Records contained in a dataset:
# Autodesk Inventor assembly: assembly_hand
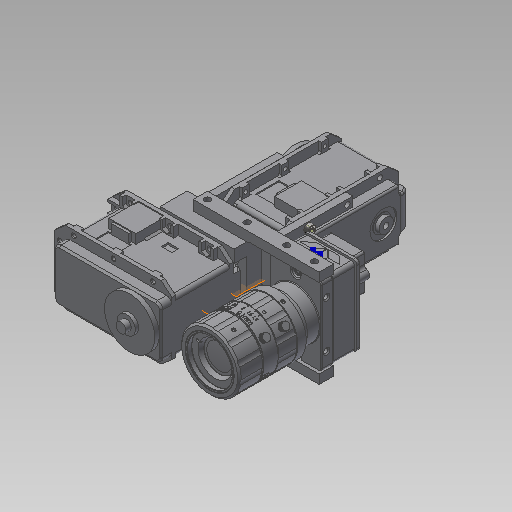
[picture p0: Inventor's stored thumbnail of the model, 512x512]
Saved by Autodesk Inventor 2017 (Build 210142000, 142)
## iProperties
Part Number: assembly_hand
Material: Generisch
Document SubType Name: Assembly
Designer: Max
Author: Max
## Documents named in this file (7)
- C:\Users\Max\Desktop\SENAI\robot_arm_new\assembly_hand.iam
- C:\Users\Max\Desktop\SENAI\robot_arm_new\MX-106T.ipt
- C:\Users\Max\Desktop\SENAI\robot_arm_new\connection_hand.ipt
- C:\Users\Max\Desktop\SENAI\robot_arm_new\connection_hand_2.ipt
- C:\Users\Max\Desktop\SENAI\robot_arm_new\assembly_camera.iam
- C:\Users\Max\Documents\Inventor\Content Center Files\R2017\de-DE\DIN 912\DIN 912 - M2,5 x 0,45 x 6 x 4,875.ipt
- C:\Users\Max\Desktop\SENAI\robot_arm_new\connection_hand_camera.ipt
## Components (9 placed, 6 different names)
1. MX-106T:1 — Passend:1, Passend:2, Passend:3, Passend:10, Passend:11
2. MX-106T:2 — Passend:7, Passend:8, Passend:9
3. connection_hand:1 — Passend:1, Passend:2, Passend:3, Passend:4, Passend:5, Passend:6, Passend:14, Passend:15, Passend:16, Passend:17
4. connection_hand_2:1 — Passend:4, Passend:5, Passend:6, Passend:7, Passend:8, Passend:9, Passend:18, Passend:19, Passend:20, Passend:26, Passend:27, Passend:29
5. assembly_camera:1 [sub-assembly] — Passend:21, Passend:22, Passend:23, Passend:24, Passend:25, Passend:28
6. DIN 912 - ersetzt durch DIN EN ISO 4762 M2,5 x 6:1 — Passend:15, Passend:17
7. DIN 912 - ersetzt durch DIN EN ISO 4762 M2,5 x 6:3 — Passend:14, Passend:16
8. connection_hand_camera:1 — Passend:18, Passend:19, Passend:20, Passend:21, Passend:22, Passend:23
9. connection_hand_camera:2 — Passend:24, Passend:25, Passend:26, Passend:27, Passend:28, Passend:29
## Relationships (27: Mate 27)
- Passend:1 [Mate]: MX-106T:1 ↔ connection_hand:1
- Passend:2 [Mate]: MX-106T:1 ↔ connection_hand:1
- Passend:3 [Mate]: MX-106T:1 ↔ connection_hand:1
- Passend:4 [Mate]: connection_hand:1 ↔ connection_hand_2:1
- Passend:5 [Mate]: connection_hand:1 ↔ connection_hand_2:1
- Passend:6 [Mate]: connection_hand:1 ↔ connection_hand_2:1
- Passend:7 [Mate]: MX-106T:2 ↔ connection_hand_2:1
- Passend:8 [Mate]: MX-106T:2 ↔ connection_hand_2:1
- Passend:9 [Mate]: MX-106T:2 ↔ connection_hand_2:1
- Passend:10 [Mate]: MX-106T:1
- Passend:11 [Mate]: MX-106T:1
- Passend:14 [Mate]: connection_hand:1 ↔ DIN 912 - ersetzt durch DIN EN ISO 4762 M2,5 x 6:3
- Passend:15 [Mate]: connection_hand:1 ↔ DIN 912 - ersetzt durch DIN EN ISO 4762 M2,5 x 6:1
- Passend:16 [Mate]: connection_hand:1 ↔ DIN 912 - ersetzt durch DIN EN ISO 4762 M2,5 x 6:3
- Passend:17 [Mate]: connection_hand:1 ↔ DIN 912 - ersetzt durch DIN EN ISO 4762 M2,5 x 6:1
- Passend:18 [Mate]: connection_hand_2:1 ↔ connection_hand_camera:1
- Passend:19 [Mate]: connection_hand_2:1 ↔ connection_hand_camera:1
- Passend:20 [Mate]: connection_hand_2:1 ↔ connection_hand_camera:1
- Passend:21 [Mate]: assembly_camera:1 ↔ connection_hand_camera:1
- Passend:22 [Mate]: assembly_camera:1 ↔ connection_hand_camera:1
- Passend:23 [Mate]: assembly_camera:1 ↔ connection_hand_camera:1
- Passend:24 [Mate]: assembly_camera:1 ↔ connection_hand_camera:2
- Passend:25 [Mate]: assembly_camera:1 ↔ connection_hand_camera:2
- Passend:26 [Mate]: connection_hand_2:1 ↔ connection_hand_camera:2
- Passend:27 [Mate]: connection_hand_2:1 ↔ connection_hand_camera:2
- Passend:28 [Mate]: assembly_camera:1 ↔ connection_hand_camera:2
- Passend:29 [Mate]: connection_hand_2:1 ↔ connection_hand_camera:2

» **REQUIRED WORK**
Repeat the lines exactly as they stand, from the opening line of the data through the line with "- C:\Users\Max\Desktop\SENAI\robot_arm_new\connection_hand.ipt". Pictures stay out of the copy.

» **RESPONSE TO THE EXERCISE**
# Autodesk Inventor assembly: assembly_hand
[picture p0: Inventor's stored thumbnail of the model, 512x512]
Saved by Autodesk Inventor 2017 (Build 210142000, 142)
## iProperties
Part Number: assembly_hand
Material: Generisch
Document SubType Name: Assembly
Designer: Max
Author: Max
## Documents named in this file (7)
- C:\Users\Max\Desktop\SENAI\robot_arm_new\assembly_hand.iam
- C:\Users\Max\Desktop\SENAI\robot_arm_new\MX-106T.ipt
- C:\Users\Max\Desktop\SENAI\robot_arm_new\connection_hand.ipt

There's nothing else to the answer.